5/ In the probability model, why is the sign of the recency parameter expected to be negative?
summary(prob.model)
##
## Call:
## glm(formula = active_2015 ~ recency + log(recency) + frequency +
## log(frequency), family = binomial(link = "logit"), data = in_sample)
##
## Deviance Residuals:
## Min 1Q Median 3Q Max
## -2.1792 -0.5792 -0.2533 -0.0920 3.5471
##
## Coefficients:
## Estimate Std. Error z value Pr(>|z|)
## (Intercept) 3.147e-01 8.437e-02 3.73 0.000191 ***
## recency -1.347e-03 6.378e-05 -21.12 < 2e-16 ***
## log(recency) -2.223e-01 1.810e-02 -12.29 < 2e-16 ***
## frequency -1.394e-02 1.885e-02 -0.74 0.459381
## log(frequency) 8.788e-01 7.205e-02 12.20 < 2e-16 ***
## ---
## Signif. codes: 0 '***' 0.001 '**' 0.01 '*' 0.05 '.' 0.1 ' ' 1
##
## (Dispersion parameter for binomial family taken to be 1)
##
## Null deviance: 18228 on 16904 degrees of freedom
## Residual deviance: 12051 on 16900 degrees of freedom
## AIC: 12061
##
## Number of Fisher Scoring iterations: 6
The negative sign of the recency parameter ('estimate') means that the larger the recency, the smaller the probability that a customer will be active the following year.
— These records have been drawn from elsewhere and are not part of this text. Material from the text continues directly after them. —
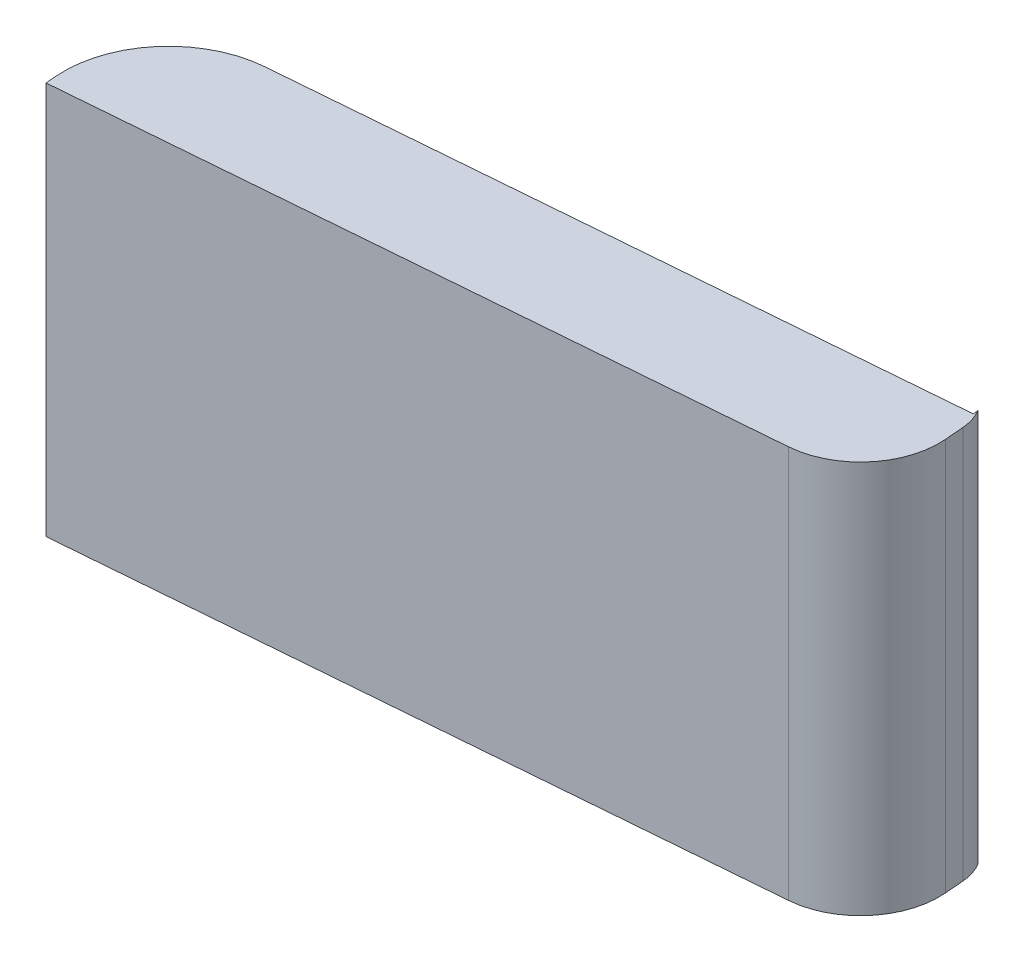
from build123d import *

# Parameters (mm, degrees)
EXTRUDE_THIN1_DEPTH   = 150
SKETCH5_W             = 290.970262873
SKETCH5_H             = 4
EXTRUDE_THIN2_DEPTH   = 42
EXTRUDE_THIN2_2_DEPTH = 42
FILLET6_R             = 40
EXTRUDE_THIN7_DEPTH   = 146
FILLET14_R            = 40
SKETCH25_W            = 46
SKETCH25_H            = 150
BOSS_EXTRUDE1_DEPTH   = 2
FILLET22_R            = 30
FILLET28_R            = 30
FILLET32_R            = 20
SKETCH29_W            = 6.511049677
SKETCH29_H            = 4.056851241
BOSS_EXTRUDE2_DEPTH   = 42
EXTRUDE_THIN8_DEPTH   = 142


with BuildPart() as part:
    # Sketch2 → Extrude-Thin1 (new body)
    with BuildSketch(Plane(origin=(0, 0, 0), x_dir=(1, 0, 0), z_dir=(0, 1, 0))):
        Polygon((-30.965120595, -2.565260163), (-320.965120595, -26.307498403), (-320.801927023, -28.300829248), (-30.801927023, -4.558591008), align=None)
    extrude(amount=EXTRUDE_THIN1_DEPTH)



with BuildPart() as body_2:
    # Sketch5 → Extrude-Thin2 (new body)
    with BuildSketch(Plane(origin=(0.002452129, 0, 0.029951579), x_dir=(-0.9966654225627806, 0, 0.08159678589107741), z_dir=(-0.08159678589107741, 0, -0.9966654225627806))):
        with Locations((176.556313424, 2)):
            Rectangle(SKETCH5_W, SKETCH5_H)
    extrude(amount=EXTRUDE_THIN2_DEPTH)

    # Fillet14
    fillet14_edges = [body_2.edges().sort_by_distance(p)[0] for p in [
        (-324.392185602, 2, -15.552449344),
    ]]
    fillet(fillet14_edges, radius=FILLET14_R)


with BuildPart() as body_3:
    # Sketch5 → Extrude-Thin2 2 (new body)
    with BuildSketch(Plane(origin=(0.002452129, 0, 0.029951579), x_dir=(-0.9966654225627806, 0, 0.08159678589107741), z_dir=(-0.08159678589107741, 0, -0.9966654225627806))):
        with Locations((176.556313424, 148)):
            Rectangle(SKETCH5_W, SKETCH5_H)
    extrude(amount=EXTRUDE_THIN2_2_DEPTH)

    # Fillet6
    fillet6_edges = [body_3.edges().sort_by_distance(p)[0] for p in [
        (-324.392185602, 148, -15.552449344),
    ]]
    fillet(fillet6_edges, radius=FILLET6_R)


with BuildPart() as part_1:
    add(part.part)

    add(body_3.part)  # Extrude-Thin7 merges body 3
    # Sketch11 → Extrude-Thin7 (add)
    with BuildSketch(Plane.XZ.offset(-146)):
        Polygon((-278.003111059, -19.350312998), (-281.936630301, -19.587972456), (-284.5255687, -18.81632078), (-290.805852057, -18.238730686), (-291.798277728, -17.537013607), (-298.288108084, -15.145025876), (-304.254167802, -11.68113065), (-309.528907685, -7.251025667), (-313.810104121, -2.200536359), (-317.466443209, 4.043933459), (-318.345283528, 5.696861164), (-319.86163909, 10.560086826), (-321.089242867, 17.33995769), (-321.128314167, 24.314167558), (-320.965120595, 26.307498403), (-318.97178975, 26.144304832), (-319.127856228, 24.238027995), (-319.090248803, 17.52511906), (-317.915603526, 11.037730019), (-316.491598121, 6.470687959), (-315.719800302, 5.019086377), (-312.17205348, -1.039924404), (-308.112866331, -5.828511332), (-303.100359764, -10.038373964), (-297.433799934, -13.328379507), (-290.85904721, -15.751667479), (-290.088883869, -16.296228937), (-284.144627091, -16.842915072), (-281.704255181, -17.570285439), (-278.123729185, -17.353953494), align=None)
    extrude(amount=EXTRUDE_THIN7_DEPTH)


    add(body_2.part)  # Boss-Extrude1 merges body 2
    # Sketch25 → Boss-Extrude1 (add)
    with BuildSketch(Plane(origin=(-30.967572724, 0, 2.535308584), x_dir=(-0.08159678589107766, 0, -0.9966654225627805), z_dir=(0.9966654225627803, 0, -0.08159678589107765))):
        with Locations((20.969948211, 75)):
            Rectangle(SKETCH25_W, SKETCH25_H)
    extrude(amount=BOSS_EXTRUDE1_DEPTH)

    # Fillet22
    fillet22_edges = [part_1.edges().sort_by_distance(p)[0] for p in [
        (-30.965120595, 75, 2.565260163),
    ]]
    fillet(fillet22_edges, radius=FILLET22_R)

    # Fillet28
    fillet28_edges = [part_1.edges().sort_by_distance(p)[0] for p in [
        (-28.808596178, 75, 4.395397436),
    ]]
    fillet(fillet28_edges, radius=FILLET28_R)

    # Fillet32
    # the kernel refuses this fillet: 20 mm, written as the material it takes off along each edge
    with BuildSketch(Plane(origin=(-32.562048329, -21.794494718, -41.451212002), x_dir=(0.08159678589107701, 0, 0.9966654225627805), z_dir=(0, 1, 0))) as fillet32_piece_1:
        with BuildLine():
            CenterArc((8.717797887, -20), FILLET32_R, 90, 25.841932763)
            Line((0, -2), (0, 0))
            Line((0, 0), (8.717797887, 0))
        make_face()
    extrude(amount=193.588989435, mode=Mode.SUBTRACT)

    # Sketch29 → Boss-Extrude2 (add)
    with BuildSketch(Plane(origin=(0.002452129, 0, 0.029951579), x_dir=(-0.9966654225627805, 0, 0.0815967858910774), z_dir=(-0.0815967858910774, 0, -0.9966654225627805))):
        with Locations((150.499315868, 143.971574379)):
            Rectangle(SKETCH29_W, SKETCH29_H)
    extrude(amount=BOSS_EXTRUDE2_DEPTH)

    # Sketch35 → Extrude-Thin8 (add)
    with BuildSketch(Plane.XZ.offset(-146)):
        Polygon((-34.392185602, -39.294687585), (-38.941474001, -38.922238312), (-38.77828043, -36.928907467), (-34.228992031, -37.30135674), align=None)
    extrude(amount=EXTRUDE_THIN8_DEPTH)


solid = part_1.part

6/ How many customers have an expected revenue of more than $50
z = which(customers_2015$score_predicted > 50)
length(z)
## [1] 1394
1394 customers have an expected revenue of more than $50 in 2016. We have the list of customers on which we should spend the most marketing dollar (ie the customers with the highest score).